### Your objective
Your answer must be an exact copy of the listing that follows, with all pictures omitted.

### Supplied records
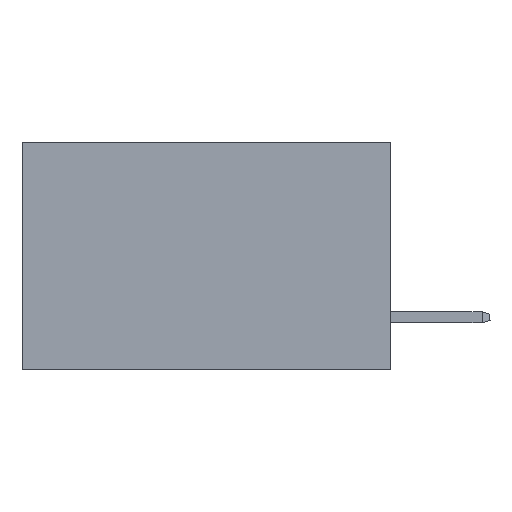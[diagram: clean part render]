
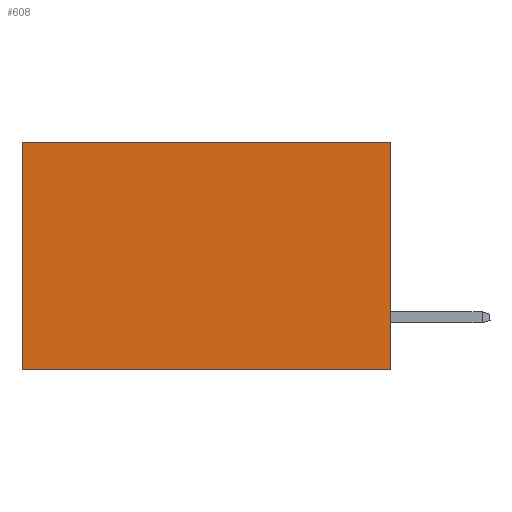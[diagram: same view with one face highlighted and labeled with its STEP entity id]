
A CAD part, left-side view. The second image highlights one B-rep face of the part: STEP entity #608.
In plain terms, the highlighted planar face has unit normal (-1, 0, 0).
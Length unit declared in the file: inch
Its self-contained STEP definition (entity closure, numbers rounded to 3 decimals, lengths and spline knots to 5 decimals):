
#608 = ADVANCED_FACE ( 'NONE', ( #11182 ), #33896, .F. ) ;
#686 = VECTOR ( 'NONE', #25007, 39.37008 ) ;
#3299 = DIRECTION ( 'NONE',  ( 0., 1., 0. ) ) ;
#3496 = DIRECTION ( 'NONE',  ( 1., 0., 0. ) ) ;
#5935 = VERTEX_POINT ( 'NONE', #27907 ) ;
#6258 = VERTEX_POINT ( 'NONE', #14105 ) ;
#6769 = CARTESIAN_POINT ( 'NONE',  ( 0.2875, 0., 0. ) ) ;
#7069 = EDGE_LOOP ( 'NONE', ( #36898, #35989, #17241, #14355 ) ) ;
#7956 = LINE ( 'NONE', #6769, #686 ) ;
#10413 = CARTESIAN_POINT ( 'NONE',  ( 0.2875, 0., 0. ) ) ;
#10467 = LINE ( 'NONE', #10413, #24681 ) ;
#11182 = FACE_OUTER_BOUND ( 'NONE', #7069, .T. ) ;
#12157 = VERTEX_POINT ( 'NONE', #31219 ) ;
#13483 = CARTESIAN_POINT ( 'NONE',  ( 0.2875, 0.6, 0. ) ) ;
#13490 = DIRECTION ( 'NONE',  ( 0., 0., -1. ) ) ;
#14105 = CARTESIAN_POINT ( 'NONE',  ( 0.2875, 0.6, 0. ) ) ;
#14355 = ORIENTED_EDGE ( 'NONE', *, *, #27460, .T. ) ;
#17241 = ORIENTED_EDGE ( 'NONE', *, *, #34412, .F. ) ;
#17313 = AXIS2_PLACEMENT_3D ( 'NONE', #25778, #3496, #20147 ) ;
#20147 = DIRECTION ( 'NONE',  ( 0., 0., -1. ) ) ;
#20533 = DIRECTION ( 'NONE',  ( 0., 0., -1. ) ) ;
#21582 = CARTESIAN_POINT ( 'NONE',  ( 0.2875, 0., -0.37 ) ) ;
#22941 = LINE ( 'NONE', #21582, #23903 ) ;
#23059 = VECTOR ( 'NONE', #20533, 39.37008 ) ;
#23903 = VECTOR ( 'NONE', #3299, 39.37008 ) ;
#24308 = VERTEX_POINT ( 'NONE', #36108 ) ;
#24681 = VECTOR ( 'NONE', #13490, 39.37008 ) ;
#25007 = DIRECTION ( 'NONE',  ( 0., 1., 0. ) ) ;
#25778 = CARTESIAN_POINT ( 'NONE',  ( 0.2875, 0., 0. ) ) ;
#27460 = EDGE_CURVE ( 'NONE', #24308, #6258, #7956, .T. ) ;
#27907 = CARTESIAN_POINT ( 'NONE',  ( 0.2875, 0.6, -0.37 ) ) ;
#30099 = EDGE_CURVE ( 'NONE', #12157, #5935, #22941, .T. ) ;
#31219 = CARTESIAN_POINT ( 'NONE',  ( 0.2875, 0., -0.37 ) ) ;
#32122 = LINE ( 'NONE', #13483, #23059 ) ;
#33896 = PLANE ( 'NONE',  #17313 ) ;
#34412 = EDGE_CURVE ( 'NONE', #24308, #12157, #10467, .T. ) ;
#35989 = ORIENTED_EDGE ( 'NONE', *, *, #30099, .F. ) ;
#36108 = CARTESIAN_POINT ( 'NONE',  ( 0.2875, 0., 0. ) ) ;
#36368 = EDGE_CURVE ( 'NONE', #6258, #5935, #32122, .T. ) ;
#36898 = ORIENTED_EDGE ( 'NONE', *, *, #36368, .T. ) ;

### Answer to this exercise
[diagram: clean part render]
[diagram: same view with one face highlighted and labeled with its STEP entity id]
A CAD part, left-side view. The second image highlights one B-rep face of the part: STEP entity #608.
In plain terms, the highlighted planar face has unit normal (-1, 0, 0).
Length unit declared in the file: inch
Its self-contained STEP definition (entity closure, numbers rounded to 3 decimals, lengths and spline knots to 5 decimals):
#608 = ADVANCED_FACE ( 'NONE', ( #11182 ), #33896, .F. ) ;
#686 = VECTOR ( 'NONE', #25007, 39.37008 ) ;
#3299 = DIRECTION ( 'NONE',  ( 0., 1., 0. ) ) ;
#3496 = DIRECTION ( 'NONE',  ( 1., 0., 0. ) ) ;
#5935 = VERTEX_POINT ( 'NONE', #27907 ) ;
#6258 = VERTEX_POINT ( 'NONE', #14105 ) ;
#6769 = CARTESIAN_POINT ( 'NONE',  ( 0.2875, 0., 0. ) ) ;
#7069 = EDGE_LOOP ( 'NONE', ( #36898, #35989, #17241, #14355 ) ) ;
#7956 = LINE ( 'NONE', #6769, #686 ) ;
#10413 = CARTESIAN_POINT ( 'NONE',  ( 0.2875, 0., 0. ) ) ;
#10467 = LINE ( 'NONE', #10413, #24681 ) ;
#11182 = FACE_OUTER_BOUND ( 'NONE', #7069, .T. ) ;
#12157 = VERTEX_POINT ( 'NONE', #31219 ) ;
#13483 = CARTESIAN_POINT ( 'NONE',  ( 0.2875, 0.6, 0. ) ) ;
#13490 = DIRECTION ( 'NONE',  ( 0., 0., -1. ) ) ;
#14105 = CARTESIAN_POINT ( 'NONE',  ( 0.2875, 0.6, 0. ) ) ;
#14355 = ORIENTED_EDGE ( 'NONE', *, *, #27460, .T. ) ;
#17241 = ORIENTED_EDGE ( 'NONE', *, *, #34412, .F. ) ;
#17313 = AXIS2_PLACEMENT_3D ( 'NONE', #25778, #3496, #20147 ) ;
#20147 = DIRECTION ( 'NONE',  ( 0., 0., -1. ) ) ;
#20533 = DIRECTION ( 'NONE',  ( 0., 0., -1. ) ) ;
#21582 = CARTESIAN_POINT ( 'NONE',  ( 0.2875, 0., -0.37 ) ) ;
#22941 = LINE ( 'NONE', #21582, #23903 ) ;
#23059 = VECTOR ( 'NONE', #20533, 39.37008 ) ;
#23903 = VECTOR ( 'NONE', #3299, 39.37008 ) ;
#24308 = VERTEX_POINT ( 'NONE', #36108 ) ;
#24681 = VECTOR ( 'NONE', #13490, 39.37008 ) ;
#25007 = DIRECTION ( 'NONE',  ( 0., 1., 0. ) ) ;
#25778 = CARTESIAN_POINT ( 'NONE',  ( 0.2875, 0., 0. ) ) ;
#27460 = EDGE_CURVE ( 'NONE', #24308, #6258, #7956, .T. ) ;
#27907 = CARTESIAN_POINT ( 'NONE',  ( 0.2875, 0.6, -0.37 ) ) ;
#30099 = EDGE_CURVE ( 'NONE', #12157, #5935, #22941, .T. ) ;
#31219 = CARTESIAN_POINT ( 'NONE',  ( 0.2875, 0., -0.37 ) ) ;
#32122 = LINE ( 'NONE', #13483, #23059 ) ;
#33896 = PLANE ( 'NONE',  #17313 ) ;
#34412 = EDGE_CURVE ( 'NONE', #24308, #12157, #10467, .T. ) ;
#35989 = ORIENTED_EDGE ( 'NONE', *, *, #30099, .F. ) ;
#36108 = CARTESIAN_POINT ( 'NONE',  ( 0.2875, 0., 0. ) ) ;
#36368 = EDGE_CURVE ( 'NONE', #6258, #5935, #32122, .T. ) ;
#36898 = ORIENTED_EDGE ( 'NONE', *, *, #36368, .T. ) ;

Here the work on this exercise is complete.